For the establishment and its political elite, traditional criminal “wrongdoing” comes in a distant second to political “wrongdoing” perceived as threatening the political status quo. Fusion centers established by the Department of Homeland Security are not designed to respond to bank robbery and illegal drug trafficking, but work proactively to seek out, identify and “neutralize” (as the FBI described in the 1960s under COINTELPRO) political opposition to the state and the corporate and financial interests it serves.
Government surveillance of political activity considered aberrant by the state has reached a phenomenal level.

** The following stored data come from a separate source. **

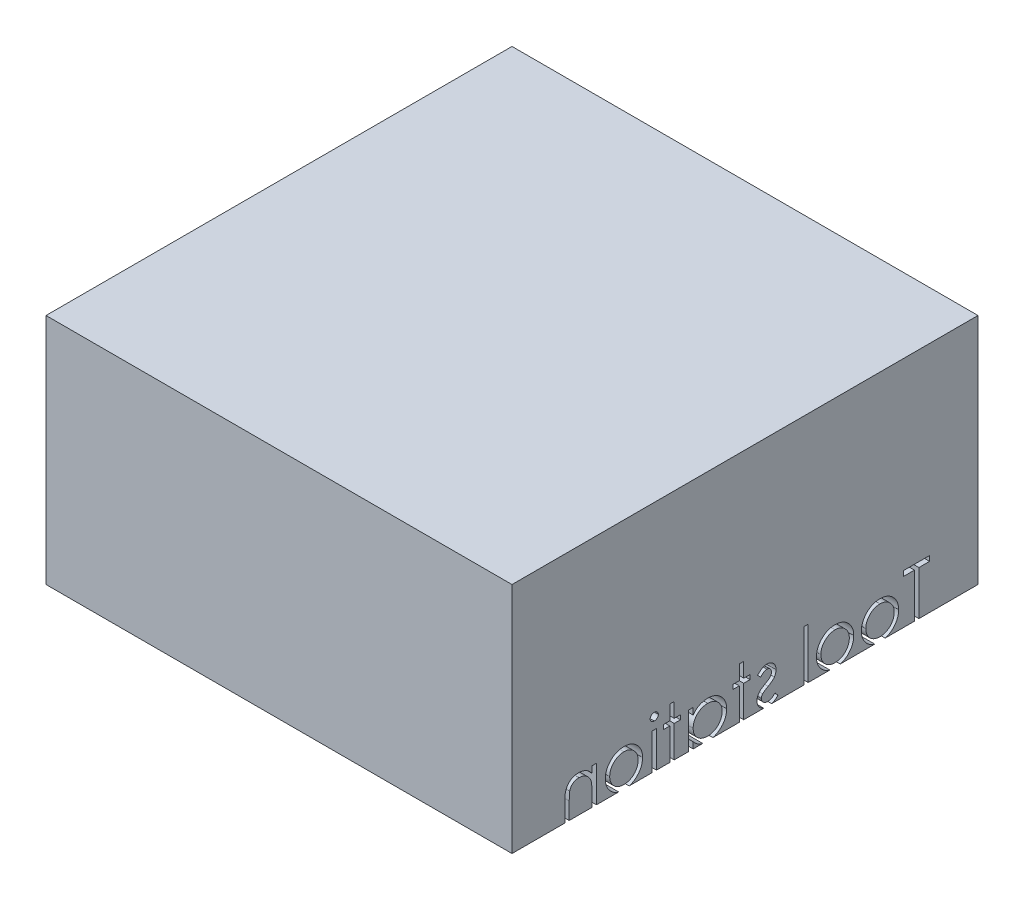
SolidWorks part; units mm, degrees
ref_plane "Front Plane" through (0, 0, 0) normal (0, 0, 1) x (1, 0, 0)
ref_plane "Top Plane" through (0, 0, 0) normal (0, 1, 0) x (1, 0, 0)
ref_plane "Right Plane" through (0, 0, 0) normal (1, 0, 0) x (0, 0, -1)
sketch "Sketch1" plane through (0, 0, 0) normal (1, 0, 0) x (0, 0, -1)
  line L1 (60, 30) -> (-60, 30)
  line L2 (60, 30) -> (60, -30)
  line L3 (60, -30) -> (-60, -30)
  line L4 (-60, 30) -> (-60, -30)
  line L5 (60, 30) -> (-60, -30) construction
  line L6 (60, -30) -> (-60, 30) construction
  point P0 (0, 0)
  dimension "D1" = 120
  dimension "D2" = 60
extrude "Boss-Extrude1" add sketch "Sketch1" along normal blind 120
sketch "Sketch2" plane through (0, 0, 0) normal (-1, 0, 0) x (0, 0, 1)
  text T0 "Tool station" font "Century Gothic" height in points 48
extrude "Cut-Extrude1" cut sketch "Sketch2" against normal blind 120
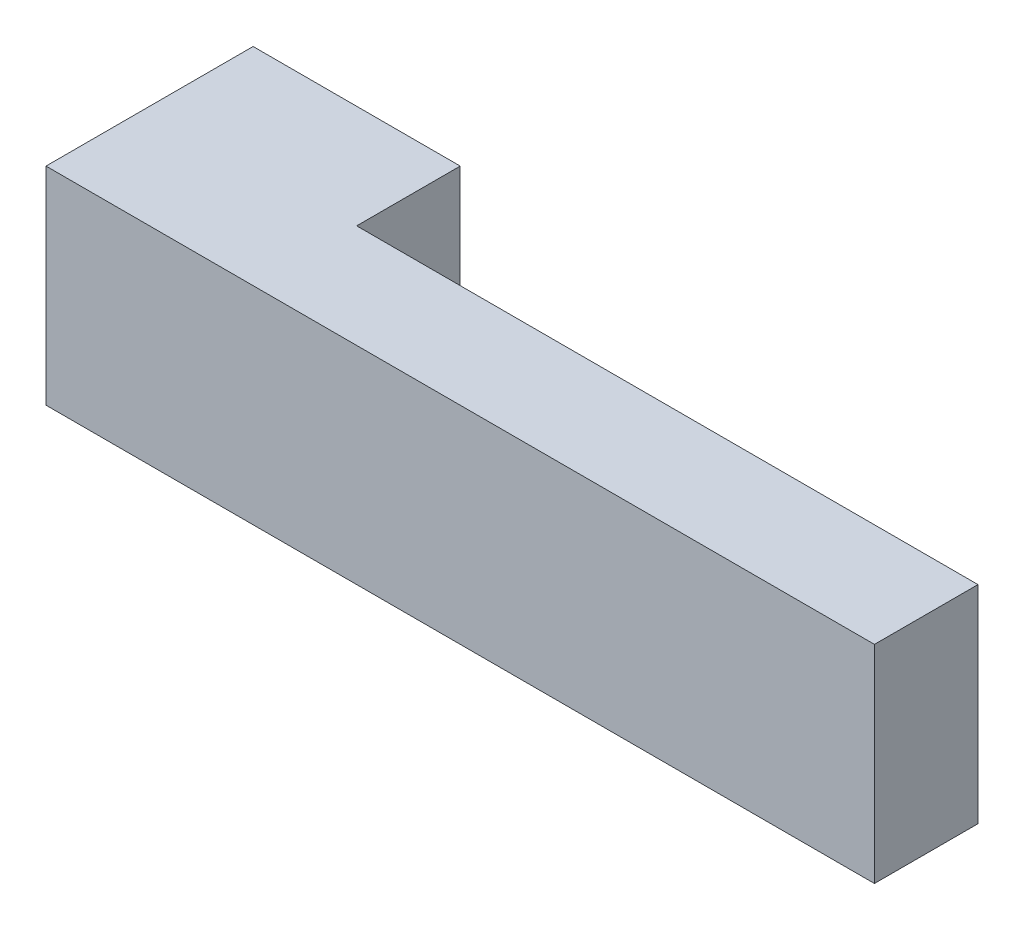
SolidWorks part; units mm, degrees
ref_plane "Přední rovina" through (0, 0, 0) normal (0, 0, 1) x (1, 0, 0)
ref_plane "Horní rovina" through (0, 0, 0) normal (0, 1, 0) x (1, 0, 0)
ref_plane "Pravá rovina" through (0, 0, 0) normal (1, 0, 0) x (0, 0, -1)
sketch "Sketch2" plane through (0, 0, 0) normal (0, 1, 0) x (1, 0, 0)
  line L0 (0, -20) -> (0, 0)
  line L1 (80, -20) -> (0, -20)
  line L2 (80, -20) -> (80, -10)
  line L3 (80, -10) -> (20, -10)
  line L7 (0, 0) -> (20, 0)
  line L8 (20, -10) -> (20, 0)
  dimension "D1" = 80
  dimension "D2" = 10
  dimension "D3" = 10
  dimension "D4" = 20
extrude "Boss-Extrude1" add sketch "Sketch2" along normal blind 20
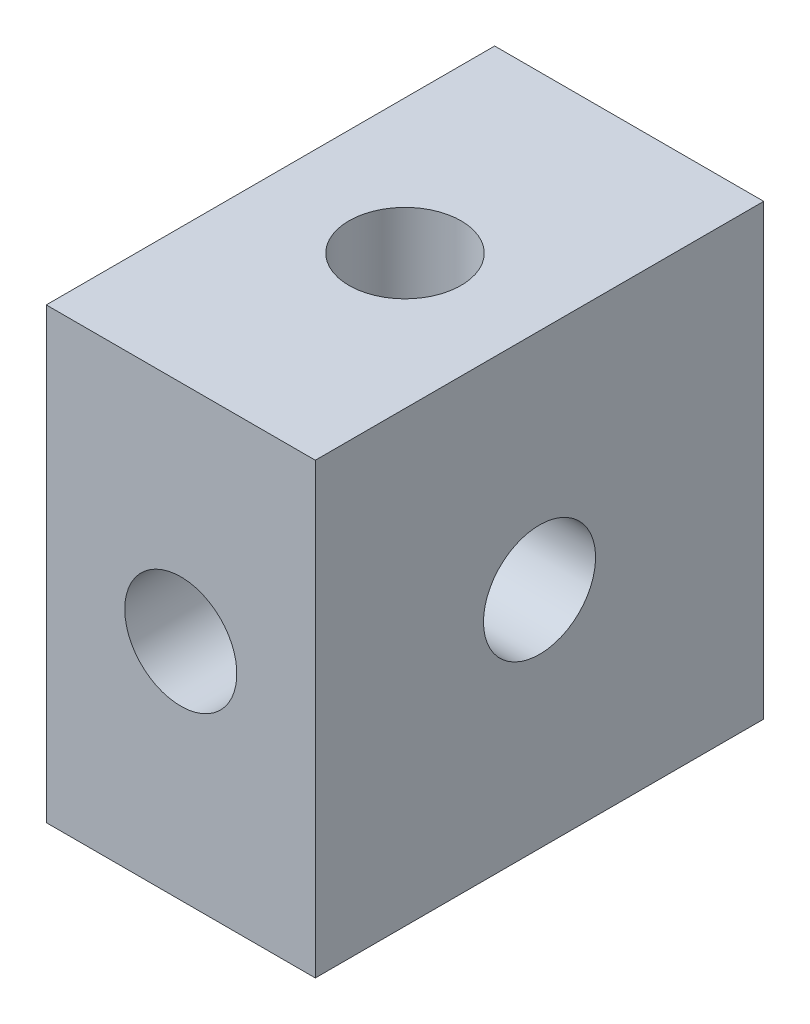
SolidWorks part; units mm, degrees
material "6061-T6 (SS)"
ref_plane "前视基准面" through (0, 0, 0) normal (0, 0, 1) x (1, 0, 0)
ref_plane "上视基准面" through (0, 0, 0) normal (0, 1, 0) x (1, 0, 0)
ref_plane "右视基准面" through (0, 0, 0) normal (1, 0, 0) x (0, 0, -1)
sketch "草图1" plane through (0, 0, 0) normal (0, 0, 1) x (1, 0, 0)
  line L1 (3, -5) -> (-3, -5)
  line L2 (3, -5) -> (3, 5)
  line L3 (3, 5) -> (-3, 5)
  line L4 (-3, -5) -> (-3, 5)
  line L5 (3, -5) -> (-3, 5) construction
  line L6 (3, 5) -> (-3, -5) construction
  point P0 (0, 0)
  dimension "D1" = 6
  dimension "D2" = 10
extrude "凸台-拉伸1" add sketch "草图1" along normal blind 10
sketch "草图2" plane through (0, 5, 0) normal (0, 1, 0) x (1, 0, 0)
  line L0 (3, -5) -> (-4.0873, -5) construction
  line L1 (3, -10) -> (3, 0) construction
  line L2 (0, 0) -> (0, -10.3163) construction
  circle A0 centre (0, -5) radius 1.25
  dimension "D1" = 2.5
extrude "切除-拉伸1" cut sketch "草图2" against normal through all
cosmetic thread "装饰螺纹线1" parameters "D2"=3
cosmetic thread "装饰螺纹线2" parameters "D2"=3
sketch "草图3" plane through (0, 0, 0) normal (0, 0, -1) x (-1, 0, 0)
  line L0 (0, 5) -> (0, -5.6004) construction
  line L1 (-3, 5) -> (3, 5) construction
  line L2 (3, 0) -> (-3.5328, 0) construction
  line L3 (3, 5) -> (3, -5) construction
  circle A0 centre (0, 0) radius 1.25
  dimension "D1" = 2.5
extrude "切除-拉伸2" cut sketch "草图3" against normal through all
cosmetic thread "装饰螺纹线3" parameters "D2"=3
sketch "草图5" plane through (-3, 0, 0) normal (-1, 0, 0) x (0, 0, 1)
  line L0 (0, 0) -> (11.8543, 0) construction
  line L1 (5, -5) -> (5, 5.6956) construction
  line L2 (10, -5) -> (0, -5) construction
  circle A0 centre (5, 0) radius 1.25
  dimension "D1" = 2.5
extrude "切除-拉伸3" cut sketch "草图5" against normal through all
cosmetic thread "装饰螺纹线4" parameters "D2"=3
cosmetic thread "装饰螺纹线5" parameters "D2"=3
cosmetic thread "装饰螺纹线6" parameters "D2"=3
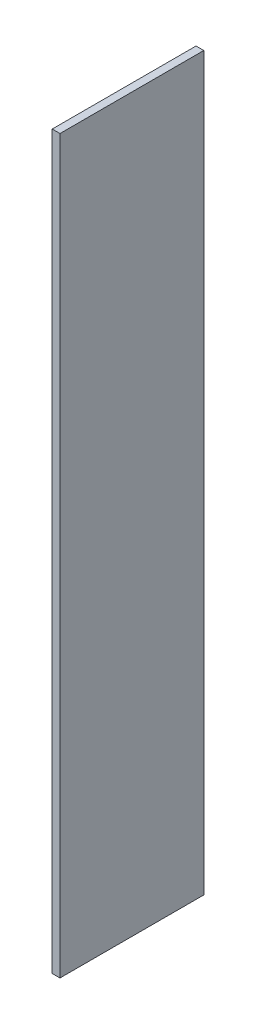
SolidWorks part; units mm, degrees
ref_plane "Front Plane" through (0, 0, 0) normal (0, 0, 1) x (1, 0, 0)
ref_plane "Top Plane" through (0, 0, 0) normal (0, 1, 0) x (1, 0, 0)
ref_plane "Right Plane" through (0, 0, 0) normal (1, 0, 0) x (0, 0, -1)
sketch "Sketch1" plane through (0, 0, 0) normal (1, 0, 0) x (0, 0, -1)
  line L1 (-28.2194, 143.51) -> (28.2194, 143.51)
  line L2 (-28.2194, 143.51) -> (-28.2194, -143.51)
  line L3 (-28.2194, -143.51) -> (28.2194, -143.51)
  line L4 (28.2194, 143.51) -> (28.2194, -143.51)
  line L5 (-28.2194, 143.51) -> (28.2194, -143.51) construction
  line L6 (-28.2194, -143.51) -> (28.2194, 143.51) construction
  point P0 (0, 0)
  dimension "D1" = 56.4388
  dimension "D2" = 287.02
extrude "Boss-Extrude1" add sketch "Sketch1" along normal blind 3.048
equation "\"motor offset\"=6mm"
equation "\"thickness0.25\"=0.225in"
equation "\"thickness0.125\"=0.122in"
equation "\"thickness_acrylic0.1\"= 0.1in"
equation "\"D1@Sketch1\"=\"thickness_acrylic0.1\"+\"thickness0.125\"+2"

Earlier this year, NSA employee William Binney said the agency has a dossier on virtually every American and is currently building a mega-spy center in Bluffdale, Utah, that “will contain near-bottomless databases to store all forms of communication collected by the agency, including private emails, cellphone calls, Google searches and other personal data.” Prison Planet
The ACLU Campaign to Stop Illegal Spying
Today the government is spying on Americans in ways the founders of our country never could have imagined. The FBI, federal intelligence agencies, themilitary, state and local police, private companies, and even firemen and emergency medical technicians are gathering incredible amounts of personal information about ordinary Americans that can be used to construct vast dossiers that can be widely shared through new institutions like Joint Terrorism Task Forces, fusion centers, and public-private partnerships. And this surveillance often takes place in secret, with little or no oversight by the courts, by legislatures, or by the public. The ACLU is dedicated to uncovering this secret surveillance network so Americans can protect their rights and demand accountability from these law enforcement and intelligence agencies, and from their elected representatives.
The fear of terrorism has led to a new era of overzealous police intelligence activity directed, as so often in the past, against political activists, racial and religious minorities, and immigrants. This new surveillance activity is not directed solely at suspected terrorists and criminals. It’s directed at all of us. Increasingly, the government is engaged in suspicionless surveillance that vacuums up and tracks sensitive information about innocent people. The erosion of reasonable restrictions on government’s power to collect people’s personal information is putting the privacy and free speech rights of all Americans at risk. The American Civil Liberties Union and its affiliates across the country have uncovered and reported on many aspects of this growing domestic surveillance activity over the last several years. Our updated Spy Files website combines the information we’ve collected from Freedom of Information Act requests, ACLU lawsuits and reports, and news accounts so that members of the public can begin to get a comprehensive view of how these networked intelligence activities threaten their civil liberties.
As the nation’s predominant law enforcement agency, the Federal Bureau of Investigation (FBI) has robust powers to peer into the lives of American citizens. But the FBI claims even broader authorities when acting in the nebulous realm of “national security,” “domestic intelligence,” where its actions are largely hidden from public view and the procedural checks and balances that apply in criminal investigations are all but non-existent.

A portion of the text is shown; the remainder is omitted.